那一年冬天,我們以我的戶頭,持續了三個月的“吸金”!
******************* 『染上賭癮,不算我的過錯!明明會贏,又讓它輸掉,才是自己的不應該!』…這是潘仔結束這短暫合作的一句話。 我沒有怪他;儘管我為了這個計劃,白天刻意在餐館兼職一個“超齡”服務生(只為了實習更多餐飲歷練),晚上又開著計程車,只為了追平他高額的收入差距。只是我搞不懂的是…人跟機器對賭,能有多少勝算? 一台“輪盤”【註四】,開啟了他的漫漫不歸路。在我苦口婆心的規勸下,他表面上接受,卻暗地裡變本加厲著。直到他東窗事發“跑路”後,我才陸陸續續得知那些過程。最顯赫的紀錄是…在酒店少爺間起標的各類互助會(五日會、一週會、半月會、一月會)【註五】他短期之內一一標掉,旋而蒸發!(最駭人的是…他還用身分證跟地下錢莊借款五萬元,搞的家裡老出現一些青面獠牙的人) 看著潘仔含淚的老母親,不時跑來詢問有無他的音訊,我有著難掩的無奈!
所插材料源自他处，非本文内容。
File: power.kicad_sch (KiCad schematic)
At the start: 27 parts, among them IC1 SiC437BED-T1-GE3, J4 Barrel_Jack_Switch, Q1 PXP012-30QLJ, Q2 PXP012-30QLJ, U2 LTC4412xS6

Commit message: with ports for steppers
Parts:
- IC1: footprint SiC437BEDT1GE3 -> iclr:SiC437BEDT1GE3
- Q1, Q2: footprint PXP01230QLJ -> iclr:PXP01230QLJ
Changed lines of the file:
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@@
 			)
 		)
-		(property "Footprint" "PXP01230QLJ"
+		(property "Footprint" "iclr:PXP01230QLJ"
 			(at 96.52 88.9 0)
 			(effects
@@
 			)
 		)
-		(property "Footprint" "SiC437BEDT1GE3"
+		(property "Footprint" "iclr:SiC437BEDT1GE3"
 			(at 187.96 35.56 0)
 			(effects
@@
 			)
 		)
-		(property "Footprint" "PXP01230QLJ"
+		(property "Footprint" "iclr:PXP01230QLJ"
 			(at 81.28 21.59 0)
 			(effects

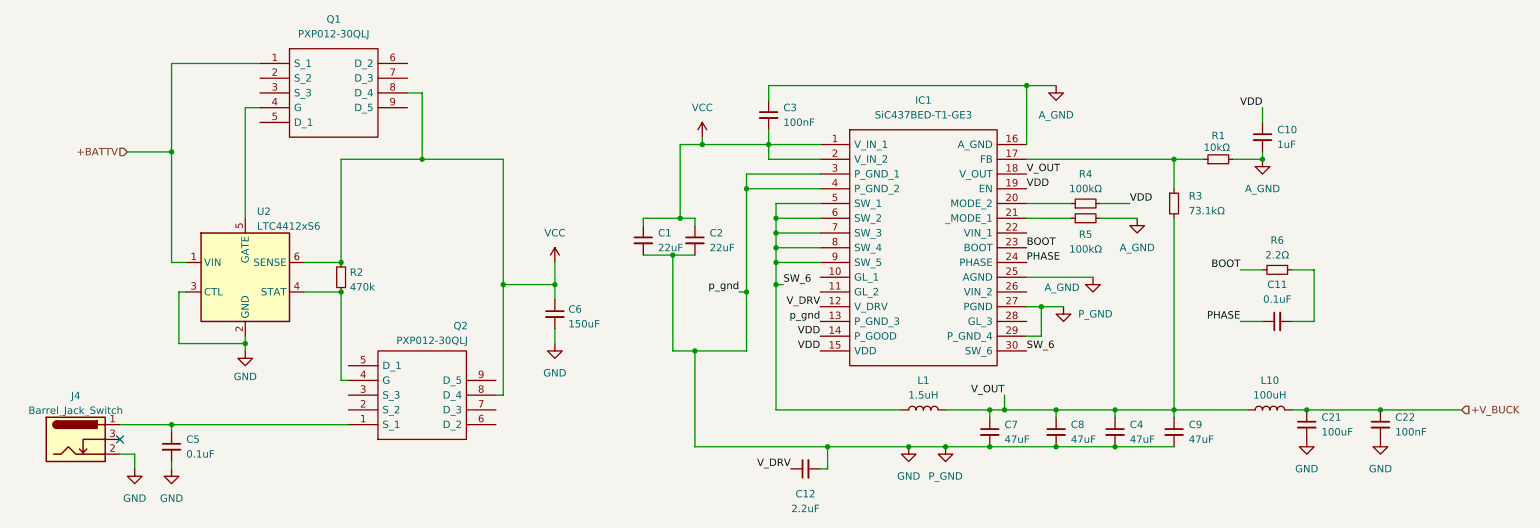
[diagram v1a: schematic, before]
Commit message: added zener diodes
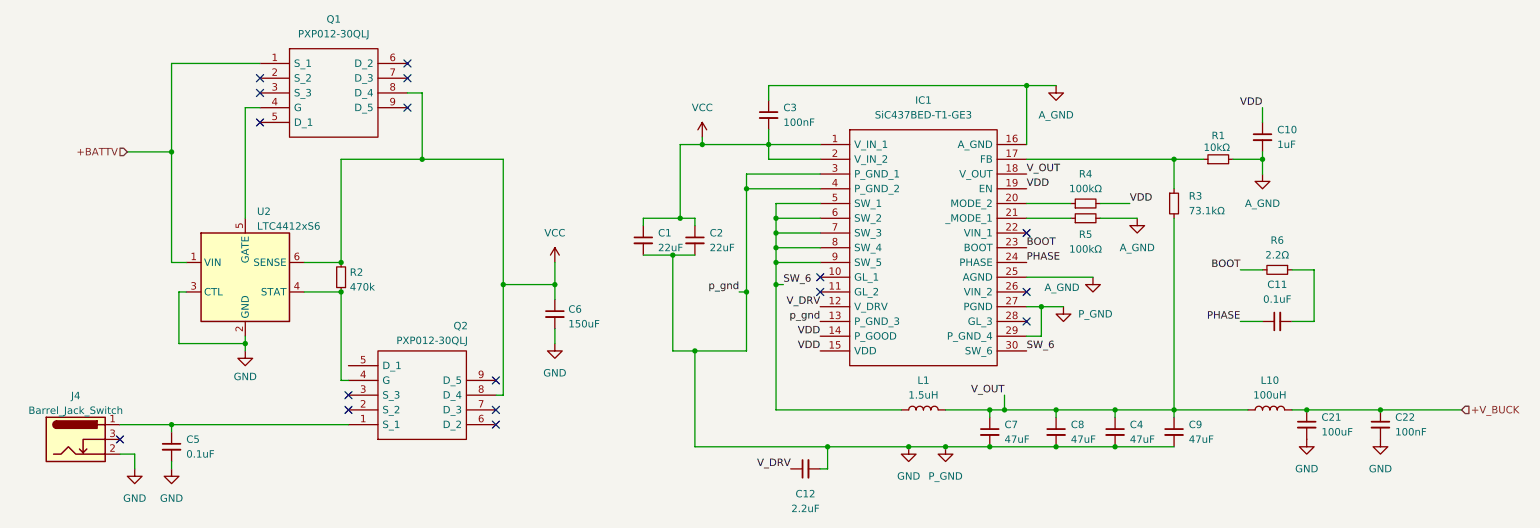
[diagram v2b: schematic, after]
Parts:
- C1, C2: footprint (none) -> Capacitor_SMD:C_0805_2012Metric
- C10, C12: footprint (none) -> Capacitor_SMD:C_0603_1608Metric
- C11, C22, C3: footprint (none) -> Capacitor_SMD:C_0402_1005Metric
- C21: footprint (none) -> Capacitor_SMD:C_Elec_6.3x5.4
- C4, C7, C8, C9: footprint (none) -> Capacitor_SMD:C_1206_3216Metric
- C5: footprint Capacitor_SMD:C_0603_1608Metric -> Capacitor_SMD:C_0402_1005Metric
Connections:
- no-connect marks 1 -> 17
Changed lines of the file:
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@@
 	)
 	(no_connect
+		(at 85.09 31.75)
+	)
+	(no_connect
+		(at 59.69 29.21)
+	)
+	(no_connect
+		(at 74.93 83.82)
+	)
+	(no_connect
+		(at 191.77 53.34)
+	)
+	(no_connect
+		(at 191.77 63.5)
+	)
+	(no_connect
 		(at 35.56 88.9)
 	)
+	(no_connect
+		(at 156.21 60.96)
+	)
+	(no_connect
+		(at 156.21 63.5)
+	)
+	(no_connect
+		(at 59.69 26.67)
+	)
+	(no_connect
+		(at 100.33 86.36)
+	)
+	(no_connect
+		(at 100.33 78.74)
+	)
+	(no_connect
+		(at 191.77 68.58)
+	)
+	(no_connect
+		(at 74.93 81.28)
+	)
+	(no_connect
+		(at 85.09 26.67)
+	)
+	(no_connect
+		(at 85.09 24.13)
+	)
+	(no_connect
+		(at 59.69 34.29)
+	)
+	(no_connect
+		(at 100.33 83.82)
+	)
 	(wire
 		(pts
@@
 	(wire
 		(pts
+			(xy 232.41 43.18) (xy 232.41 40.64)
+		)
+		(stroke
+			(width 0)
+			(type default)
+		)
+	)
+	(wire
+		(pts
 			(xy 148.59 58.42) (xy 148.59 62.23)
 		)
@@
 			)
 		)
-		(property "Footprint" ""
+		(property "Footprint" "Capacitor_SMD:C_Elec_6.3x5.4"
 			(at 240.03 86.36 0)
 			(effects
@@
 			)
 		)
-		(property "Footprint" ""
+		(property "Footprint" "Capacitor_SMD:C_0402_1005Metric"
 			(at 234.95 68.58 0)
 			(effects
@@
 			)
 		)
-		(property "Footprint" ""
+		(property "Footprint" "Capacitor_SMD:C_0603_1608Metric"
 			(at 153.67 93.98 0)
 			(effects
@@
 			)
 		)
-		(property "Footprint" ""
+		(property "Footprint" "Capacitor_SMD:C_1206_3216Metric"
 			(at 185.42 87.63 0)
 			(effects
@@
 			)
 		)
-		(property "Footprint" ""
+		(property "Footprint" "Capacitor_SMD:C_0805_2012Metric"
 			(at 125.73 54.61 0)
 			(effects
@@
 			)
 		)
-		(property "Footprint" ""
+		(property "Footprint" "Capacitor_SMD:C_0805_2012Metric"
 			(at 134.62 54.61 0)
 			(effects
@@
 			)
 		)
-		(property "Footprint" ""
+		(property "Footprint" "Capacitor_SMD:C_1206_3216Metric"
 			(at 207.01 87.63 0)
 			(effects
@@
 			)
 		)
-		(property "Footprint" ""
+		(property "Footprint" "Capacitor_SMD:C_0603_1608Metric"
 			(at 232.41 36.83 0)
 			(effects
@@
 			)
 		)
-		(property "Footprint" ""
+		(property "Footprint" "Capacitor_SMD:C_1206_3216Metric"
 			(at 217.17 87.63 0)
 			(effects
@@
 			)
 		)
-		(property "Footprint" ""
+		(property "Footprint" "Capacitor_SMD:C_1206_3216Metric"
 			(at 196.85 87.63 0)
 			(effects
@@
 			)
 		)
-		(property "Footprint" "Capacitor_SMD:C_0603_1608Metric"
+		(property "Footprint" "Capacitor_SMD:C_0402_1005Metric"
 			(at 44.45 90.17 0)
 			(effects
@@
 	(symbol
 		(lib_id "power:GND")
-		(at 232.41 40.64 0)
+		(at 232.41 43.18 0)
 		(unit 1)
 		(exclude_from_sim no)
@@
 		(fields_autoplaced yes)
 		(property "Reference" "#PWR06"
-			(at 232.41 46.99 0)
+			(at 232.41 49.53 0)
 			(effects
 				(font
@@
 		)
 		(property "Value" "A_GND"
-			(at 232.41 45.72 0)
+			(at 232.41 48.26 0)
 			(effects
 				(font
@@
 		)
 		(property "Footprint" ""
-			(at 232.41 40.64 0)
+			(at 232.41 43.18 0)
 			(effects
 				(font
@@
 		)
 		(property "Datasheet" ""
-			(at 232.41 40.64 0)
+			(at 232.41 43.18 0)
 			(effects
 				(font
@@
 		)
 		(property "Description" "Power symbol creates a global label with name \"GND\" , ground"
-			(at 232.41 40.64 0)
+			(at 232.41 43.18 0)
 			(effects
 				(font
@@
 			)
 		)
-		(property "Footprint" ""
+		(property "Footprint" "Capacitor_SMD:C_0402_1005Metric"
 			(at 147.32 33.02 0)
 			(effects
@@
 			)
 		)
-		(property "Footprint" ""
+		(property "Footprint" "Capacitor_SMD:C_0402_1005Metric"
 			(at 252.73 86.36 0)
 			(effects

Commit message: UPDATE
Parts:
- L1: footprint (none) -> Inductor_SMD:L_1008_2520Metric
- L10: footprint (none) -> iclr:SDR1307A101K
- R1: footprint (none) -> Resistor_SMD:R_0805_2012Metric
- R3: value 73.1kΩ -> 73.2kΩ; footprint (none) -> iclr:ERJHP6D1000V
- R4, R5: footprint (none) -> Resistor_SMD:R_2010_5025Metric_Pad1.40x2.65mm_HandSolder
- R6: footprint (none) -> Resistor_SMD:R_0603_1608Metric_Pad0.98x0.95mm_HandSolder
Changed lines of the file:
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@@
 			)
 		)
-		(property "Footprint" ""
+		(property "Footprint" "Resistor_SMD:R_0805_2012Metric"
 			(at 224.79 40.64 0)
 			(effects
@@
 			)
 		)
-		(property "Footprint" ""
+		(property "Footprint" "Resistor_SMD:R_0603_1608Metric_Pad0.98x0.95mm_HandSolder"
 			(at 234.95 59.69 0)
 			(effects
@@
 			)
 		)
-		(property "Footprint" ""
+		(property "Footprint" "Inductor_SMD:L_1008_2520Metric"
 			(at 173.99 83.82 0)
 			(effects
@@
 			)
 		)
-		(property "Value" "73.1kΩ"
+		(property "Value" "73.2kΩ"
 			(at 219.71 49.5299 0)
 			(effects
@@
 			)
 		)
-		(property "Footprint" ""
+		(property "Footprint" "iclr:ERJHP6D1000V"
 			(at 217.17 48.26 0)
 			(effects
@@
 			)
 		)
-		(property "Footprint" ""
+		(property "Footprint" "Resistor_SMD:R_2010_5025Metric_Pad1.40x2.65mm_HandSolder"
 			(at 201.93 50.8 0)
 			(effects
@@
 			)
 		)
-		(property "Footprint" ""
+		(property "Footprint" "Resistor_SMD:R_2010_5025Metric_Pad1.40x2.65mm_HandSolder"
 			(at 201.93 48.26 0)
 			(effects
@@
 			)
 		)
-		(property "Footprint" ""
+		(property "Footprint" "iclr:SDR1307A101K"
 			(at 233.68 83.82 0)
 			(effects

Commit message: update 2 everything is fixed
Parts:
- R4, R5: footprint Resistor_SMD:R_2010_5025Metric_Pad1.40x2.65mm_HandSolder -> Resistor_SMD:R_0402_1005Metric
- R6: footprint Resistor_SMD:R_0603_1608Metric_Pad0.98x0.95mm_HandSolder -> Resistor_SMD:R_0402_1005Metric
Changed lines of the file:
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@@
 			)
 		)
-		(property "Footprint" "Resistor_SMD:R_0603_1608Metric_Pad0.98x0.95mm_HandSolder"
+		(property "Footprint" "Resistor_SMD:R_0402_1005Metric"
 			(at 234.95 59.69 0)
 			(effects
@@
 			)
 		)
-		(property "Footprint" "Resistor_SMD:R_2010_5025Metric_Pad1.40x2.65mm_HandSolder"
+		(property "Footprint" "Resistor_SMD:R_0402_1005Metric"
 			(at 201.93 50.8 0)
 			(effects
@@
 			)
 		)
-		(property "Footprint" "Resistor_SMD:R_2010_5025Metric_Pad1.40x2.65mm_HandSolder"
+		(property "Footprint" "Resistor_SMD:R_0402_1005Metric"
 			(at 201.93 48.26 0)
 			(effects

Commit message: ideal diode update to be checked
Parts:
- removed J4: Barrel_Jack_Switch, Connector_BarrelJack:BarrelJack_Wuerth_6941xx301002, symbol Connector:Barrel_Jack_Switch
- added J3: XT60PW-M, iclr:AMASS_XT60PW-M, symbol ICLR:XT60PW-M
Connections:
- net +BATTV: now also C5.1, Q2.1 (S_1), J3.1 (+)
- net GND: now also J3.2 (-)
- no-connect marks 17 -> 16
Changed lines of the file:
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@@
 	)
 	(junction
+		(at 44.45 58.42)
+		(diameter 0)
+		(color 0 0 0 0)
+	)
+	(junction
 		(at 196.85 90.17)
 		(diameter 0)
@@
 	)
 	(no_connect
-		(at 35.56 88.9)
-	)
-	(no_connect
 		(at 156.21 60.96)
 	)
@@
 	(wire
 		(pts
+			(xy 44.45 58.42) (xy 44.45 86.36)
+		)
+		(stroke
+			(width 0)
+			(type default)
+		)
+	)
+	(wire
+		(pts
 			(xy 67.31 63.5) (xy 73.66 63.5)
 		)
@@
 	(wire
 		(pts
-			(xy 57.15 71.12) (xy 57.15 72.39)
+			(xy 34.29 87.63) (xy 34.29 86.36)
 		)
 		(stroke
@@
 	(wire
 		(pts
-			(xy 191.77 66.04) (xy 194.31 66.04)
+			(xy 57.15 71.12) (xy 57.15 72.39)
 		)
 		(stroke
@@
 	(wire
 		(pts
-			(xy 217.17 85.09) (xy 217.17 83.82)
+			(xy 191.77 66.04) (xy 194.31 66.04)
 		)
 		(stroke
@@
 	(wire
 		(pts
-			(xy 46.99 63.5) (xy 45.72 63.5)
+			(xy 34.29 90.17) (xy 34.29 91.44)
 		)
 		(stroke
@@
 	(wire
 		(pts
-			(xy 101.6 81.28) (xy 101.6 62.23)
+			(xy 217.17 85.09) (xy 217.17 83.82)
 		)
 		(stroke
@@
 	(wire
 		(pts
-			(xy 148.59 50.8) (xy 148.59 53.34)
+			(xy 101.6 81.28) (xy 101.6 62.23)
 		)
 		(stroke
@@
 	(wire
 		(pts
-			(xy 35.56 91.44) (xy 38.1 91.44)
+			(xy 148.59 50.8) (xy 148.59 53.34)
 		)
 		(stroke
@@
 	(wire
 		(pts
-			(xy 45.72 63.5) (xy 45.72 72.39)
+			(xy 46.99 63.5) (xy 46.99 72.39)
 		)
 		(stroke
@@
 	(wire
 		(pts
-			(xy 44.45 58.42) (xy 46.99 58.42)
+			(xy 187.96 83.82) (xy 196.85 83.82)
 		)
 		(stroke
@@
 	(wire
 		(pts
-			(xy 187.96 83.82) (xy 196.85 83.82)
+			(xy 241.3 68.58) (xy 241.3 59.69)
 		)
 		(stroke
@@
 	(wire
 		(pts
-			(xy 241.3 68.58) (xy 241.3 59.69)
+			(xy 185.42 90.17) (xy 196.85 90.17)
 		)
 		(stroke
@@
 	(wire
 		(pts
-			(xy 185.42 90.17) (xy 196.85 90.17)
+			(xy 147.32 35.56) (xy 147.32 38.1)
 		)
 		(stroke
@@
 	(wire
 		(pts
-			(xy 147.32 35.56) (xy 147.32 38.1)
+			(xy 143.51 63.5) (xy 143.51 73.66)
 		)
 		(stroke
@@
 	(wire
 		(pts
-			(xy 143.51 63.5) (xy 143.51 73.66)
+			(xy 67.31 58.42) (xy 73.66 58.42)
 		)
 		(stroke
@@
 	(wire
 		(pts
-			(xy 67.31 58.42) (xy 73.66 58.42)
+			(xy 34.29 86.36) (xy 44.45 86.36)
 		)
 		(stroke
@@
 	(wire
 		(pts
+			(xy 44.45 58.42) (xy 46.99 58.42)
+		)
+		(stroke
+			(width 0)
+			(type default)
+		)
+	)
+	(wire
+		(pts
 			(xy 87.63 40.64) (xy 101.6 40.64)
 		)
@@
 	(wire
 		(pts
-			(xy 45.72 72.39) (xy 57.15 72.39)
+			(xy 46.99 72.39) (xy 57.15 72.39)
 		)
 		(stroke
@@
 	(wire
 		(pts
-			(xy 35.56 86.36) (xy 44.45 86.36)
-		)
-		(stroke
-			(width 0)
-			(type default)
-		)
-	)
-	(wire
-		(pts
 			(xy 143.51 45.72) (xy 143.51 63.5)
 		)
@@
 	(wire
 		(pts
+			(xy 34.29 91.44) (xy 38.1 91.44)
+		)
+		(stroke
+			(width 0)
+			(type default)
+		)
+	)
+	(wire
+		(pts
 			(xy 132.08 50.8) (xy 132.08 38.1)
 		)
@@
 	)
 	(symbol
-		(lib_id "Connector:Barrel_Jack_Switch")
-		(at 27.94 88.9 0)
-		(unit 1)
-		(exclude_from_sim no)
-		(in_bom yes)
-		(on_board yes)
-		(dnp no)
-		(property "Reference" "J4"
-			(at 27.94 81.3902 0)
-			(effects
-				(font
-					(size 1.27 1.27)
-				)
-			)
-		)
-		(property "Value" "Barrel_Jack_Switch"
-			(at 27.94 83.9271 0)
-			(effects
-				(font
-					(size 1.27 1.27)
-				)
-			)
-		)
-		(property "Footprint" "Connector_BarrelJack:BarrelJack_Wuerth_6941xx301002"
-			(at 29.21 89.916 0)
-			(effects
-				(font
-					(size 1.27 1.27)
-				)
-				(hide yes)
-			)
-		)
-		(property "Datasheet" "~"
-			(at 29.21 89.916 0)
-			(effects
-				(font
-					(size 1.27 1.27)
-				)
-				(hide yes)
-			)
-		)
-		(property "Description" ""
-			(at 27.94 88.9 0)
-			(effects
-				(font
-					(size 1.27 1.27)
-				)
-				(hide yes)
-			)
-		)
-		(pin "1"
-		)
-		(pin "2"
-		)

**************** 潘仔又出現眼前的時候,是十個月後的事了! 我給了他一個容身住所,他則回報這些日子來的經歷,臉上還帶著懺悔。
他描繪他如何身無分文的南下高雄避風頭,如何餐風露宿地下道或無人的空屋;一般時候他如何“堅忍”的餓了就睡、睡完又餓(他天真的以為,只要睡著,就能忘記飢餓)。 『後來呢!老是餓了就喝水也不是辦法…我終於聰明的想出了一個好方法!』他頹靡的眼光,氾濫起一絲神采。『我跑到便當店附近,先記下不遠之處的貿易公司名稱與電話,然後拿著索討來的一塊錢,一口氣叫了七個便當。……我算準了時間,大搖大擺的往便當店去,對著老闆說…““剛剛那個ㄨㄨ公司是不是叫了七個便當?我們當業務要先出門,你先給我其中兩個,其他的麻煩你送過去,錢跟會計收就可以了!””』我微笑的聽著,心裡有著無限悲哀! 他大略的帶過,不願提及十個月之內的其他。…我總是認為,他也許曾在高雄落難之後,再度努力生存屹立…只是,是否又惹了一些禍事?又“跑路”回到台中?
他信誓旦旦的保證,他已經戒賭!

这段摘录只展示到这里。